[Stored data entries]
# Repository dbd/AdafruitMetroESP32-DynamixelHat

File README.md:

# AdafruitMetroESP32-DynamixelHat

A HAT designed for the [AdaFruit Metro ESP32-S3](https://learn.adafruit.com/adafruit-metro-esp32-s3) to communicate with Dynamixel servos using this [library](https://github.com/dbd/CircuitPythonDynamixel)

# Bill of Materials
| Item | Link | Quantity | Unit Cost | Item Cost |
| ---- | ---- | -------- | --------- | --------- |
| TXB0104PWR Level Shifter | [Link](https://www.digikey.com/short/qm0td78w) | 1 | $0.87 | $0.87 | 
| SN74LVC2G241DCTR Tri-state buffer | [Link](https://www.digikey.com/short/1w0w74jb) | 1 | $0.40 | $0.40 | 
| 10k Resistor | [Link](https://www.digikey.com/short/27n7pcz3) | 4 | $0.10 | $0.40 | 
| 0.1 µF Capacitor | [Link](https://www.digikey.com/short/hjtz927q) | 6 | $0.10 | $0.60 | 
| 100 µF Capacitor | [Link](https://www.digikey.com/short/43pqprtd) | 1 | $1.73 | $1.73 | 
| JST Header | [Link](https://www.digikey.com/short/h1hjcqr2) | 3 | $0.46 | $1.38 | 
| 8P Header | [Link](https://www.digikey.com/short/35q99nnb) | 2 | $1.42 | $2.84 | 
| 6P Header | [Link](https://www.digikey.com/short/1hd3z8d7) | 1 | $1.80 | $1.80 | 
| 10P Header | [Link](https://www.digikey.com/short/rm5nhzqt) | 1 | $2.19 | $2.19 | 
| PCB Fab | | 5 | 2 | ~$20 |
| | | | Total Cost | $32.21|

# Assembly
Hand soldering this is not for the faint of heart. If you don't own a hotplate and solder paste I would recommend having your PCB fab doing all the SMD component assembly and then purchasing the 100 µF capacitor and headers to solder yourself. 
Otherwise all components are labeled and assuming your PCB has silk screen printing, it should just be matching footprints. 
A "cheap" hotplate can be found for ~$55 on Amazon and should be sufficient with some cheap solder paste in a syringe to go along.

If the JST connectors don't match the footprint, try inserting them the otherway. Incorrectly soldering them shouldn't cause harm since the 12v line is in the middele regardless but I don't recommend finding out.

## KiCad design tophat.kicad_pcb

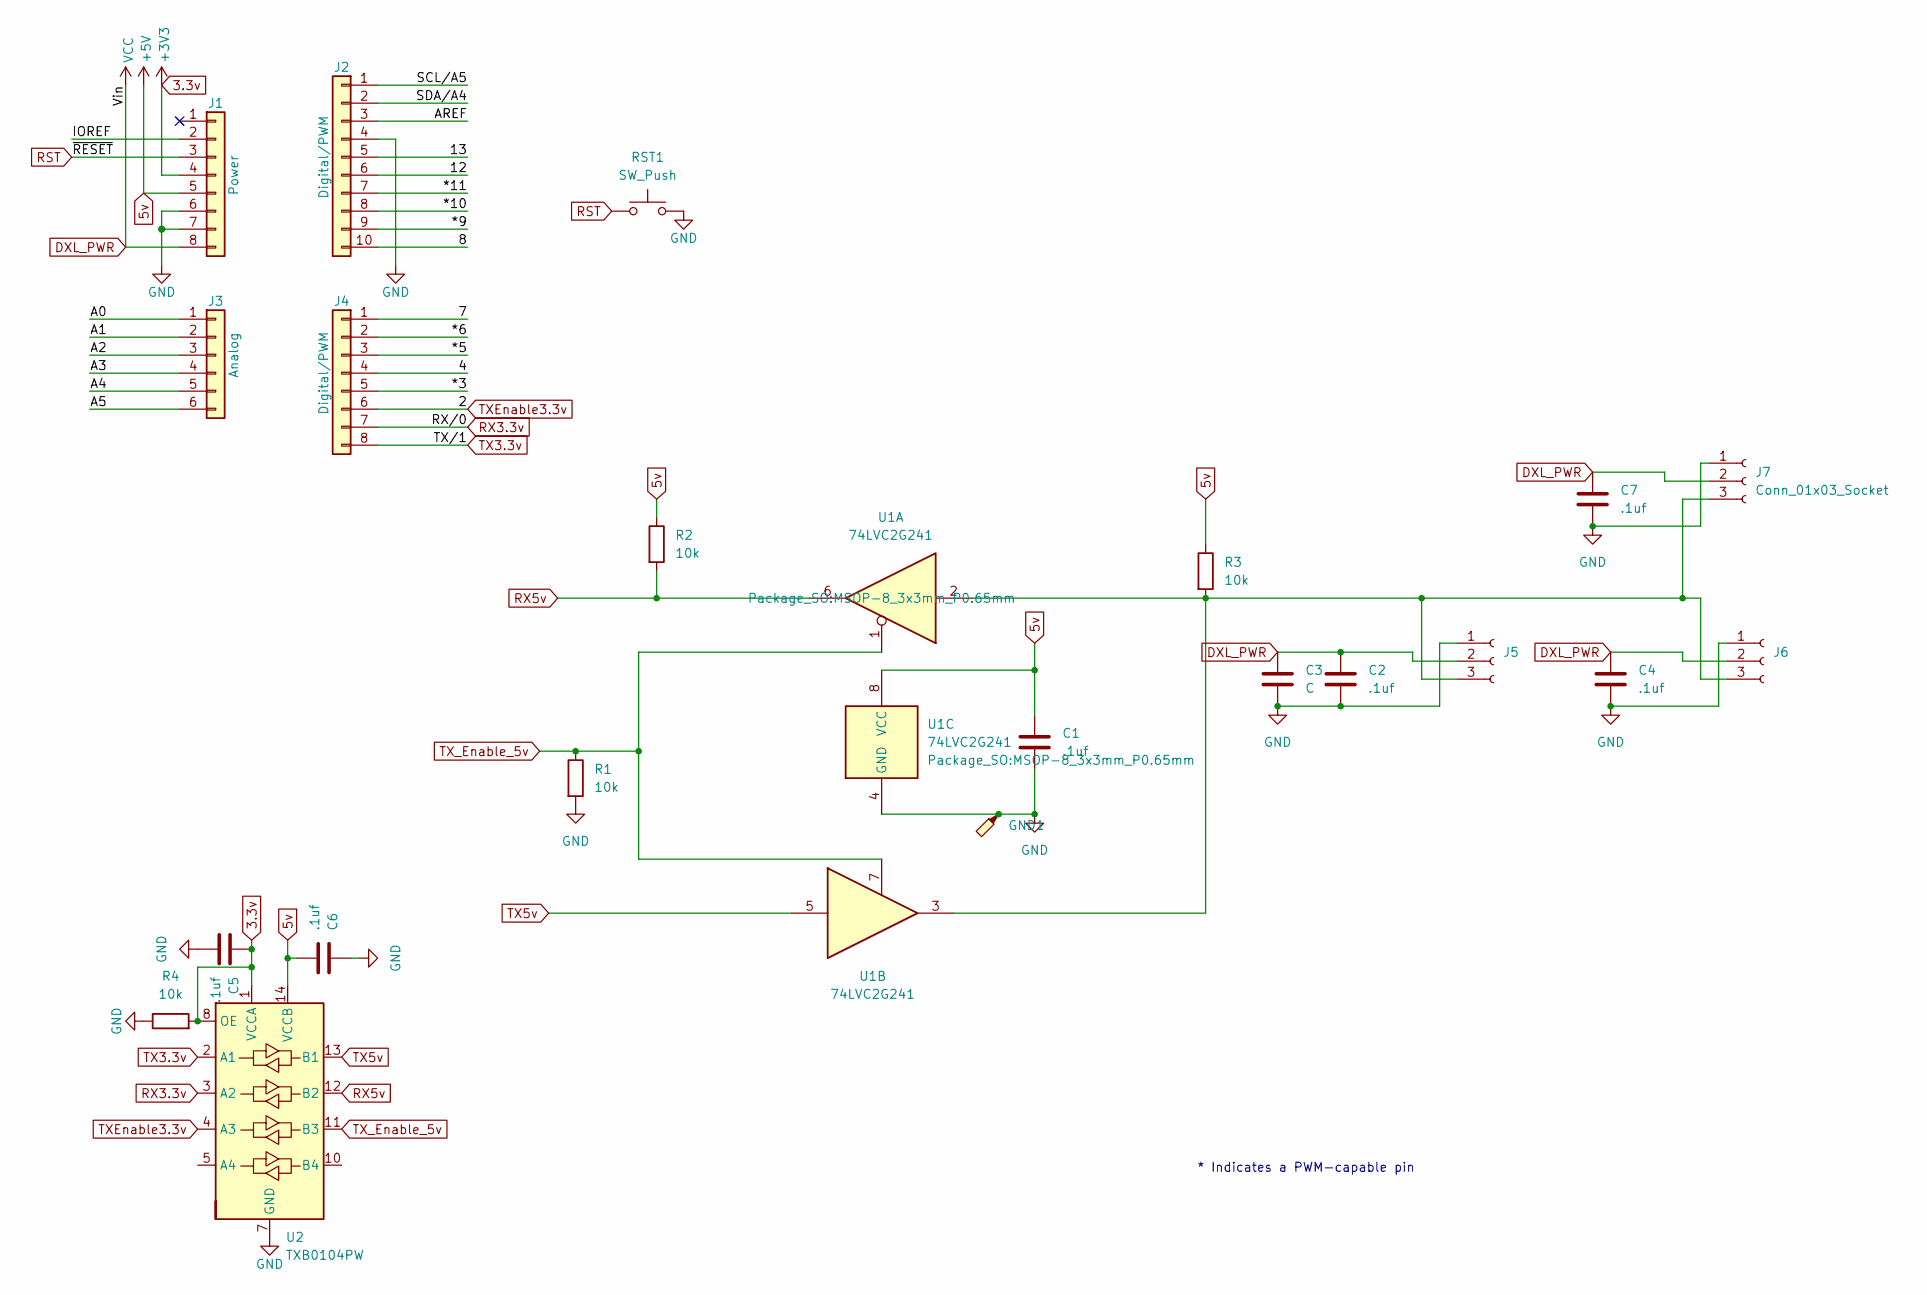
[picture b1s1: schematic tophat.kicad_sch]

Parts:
C1, C2, C4, C5, C6, C7: .1uf; 0805
C3: C; CP_Elec_8x6.2
GND1: TestPoint_Probe; TestPoint_Pad_1.0x1.0mm
J1: Power; PinSocket_1x08_P2.54mm_Vertical
J2: Digital/PWM; PinSocket_1x10_P2.54mm_Vertical
J3: Analog; PinSocket_1x06_P2.54mm_Vertical
J4: Digital/PWM; PinSocket_1x08_P2.54mm_Vertical
J5, J6, J7: Conn_01x03_Socket; JST_EH_B3B-EH-A_1x03_P2.50mm_Vertical
R1, R2, R3, R4: 10k; 0805
RST1: SW_Push; SW_Tactile_SPST_NO_Straight_CK_PTS636Sx25SMTRLFS
U1: 74LVC2G241; MSOP-8_3x3mm_P0.65mm
U2: TXB0104PW; TSSOP-14_4.4x5mm_P0.65mm

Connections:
3.3v: C5.1, J1.4, R4.2, U2.1 (VCCA), U2.8 (OE)
5v: C1.1, C6.2, J1.5, R2.1, R3.1, U1.8 (VCC), U2.14 (VCCB)
/4: J4.4
/7: J4.1
/8: J2.10
/12: J2.6
/13: J2.5
/*3: J4.5
/*5: J4.3
/*6: J4.2
/*9: J2.9
/*10: J2.8
/*11: J2.7
/A0: J3.1
/A1: J3.2
/A2: J3.3
/A3: J3.4
/A4: J3.5
/A5: J3.6
/AREF: J2.3
/IOREF: J1.2
/SCL/A5: J2.1
/SDA/A4: J2.2
DXL_PWR: C2.1, C3.1, C4.1, C7.1, J1.8, J5.2, J6.2, J7.2
GND: C1.2, C2.2, C3.2, C4.2, C5.2, C6.1, C7.2, GND1.1, J1.6, J1.7, J2.4, J5.1, J6.1, J7.1, R1.2, R4.1, RST1.2, U1.4 (GND), U2.7 (GND)
unnamed: J5.3, J6.3, J7.3, R3.2, U1.2, U1.3
RST: J1.3, RST1.1
RX3.3v: J4.7, U2.3 (A2)
RX5v: R2.2, U1.6, U2.12 (B2)
TX3.3v: J4.8, U2.2 (A1)
TX5v: U1.5, U2.13 (B1)
TXEnable3.3v: J4.6, U2.4 (A3)
TX_Enable_5v: R1.1, U1.1, U1.7, U2.11 (B3)

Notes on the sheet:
* Indicates a PWM-capable pin

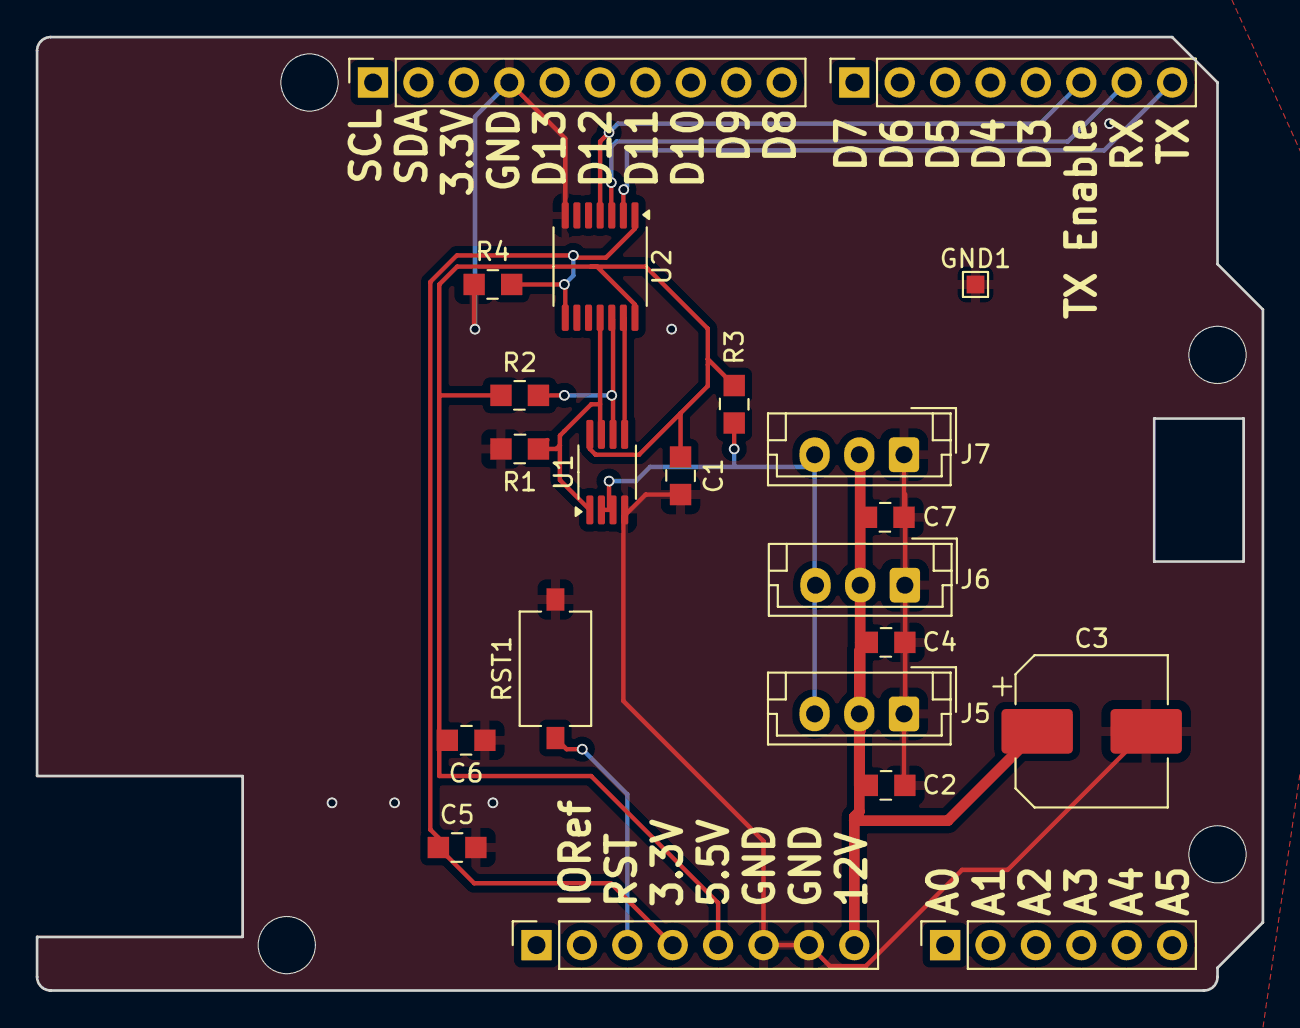
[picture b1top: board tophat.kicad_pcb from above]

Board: 2 copper layers, 68.6 x 53.3 mm, 26 parts (0 on the bottom side), 12 nets.

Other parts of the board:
MH1, MH2, MH3, MH4: MountingHole_3.2mm

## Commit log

2025-01-16 Update README.md
    Add a picture
2025-01-16 Add BOM
2025-01-16 Add tristate buffer name
2025-01-16 Add silk screen and fix up schematic
2025-01-16 Update picture
2025-01-17 typo in readme

◆ INSTRUCTIONS TO FOLLOW
Take every line from the data above that holds "DynamixelHat" and copy it out.

◆ RESPONSE BELOW
# Repository dbd/AdafruitMetroESP32-DynamixelHat
# AdafruitMetroESP32-DynamixelHat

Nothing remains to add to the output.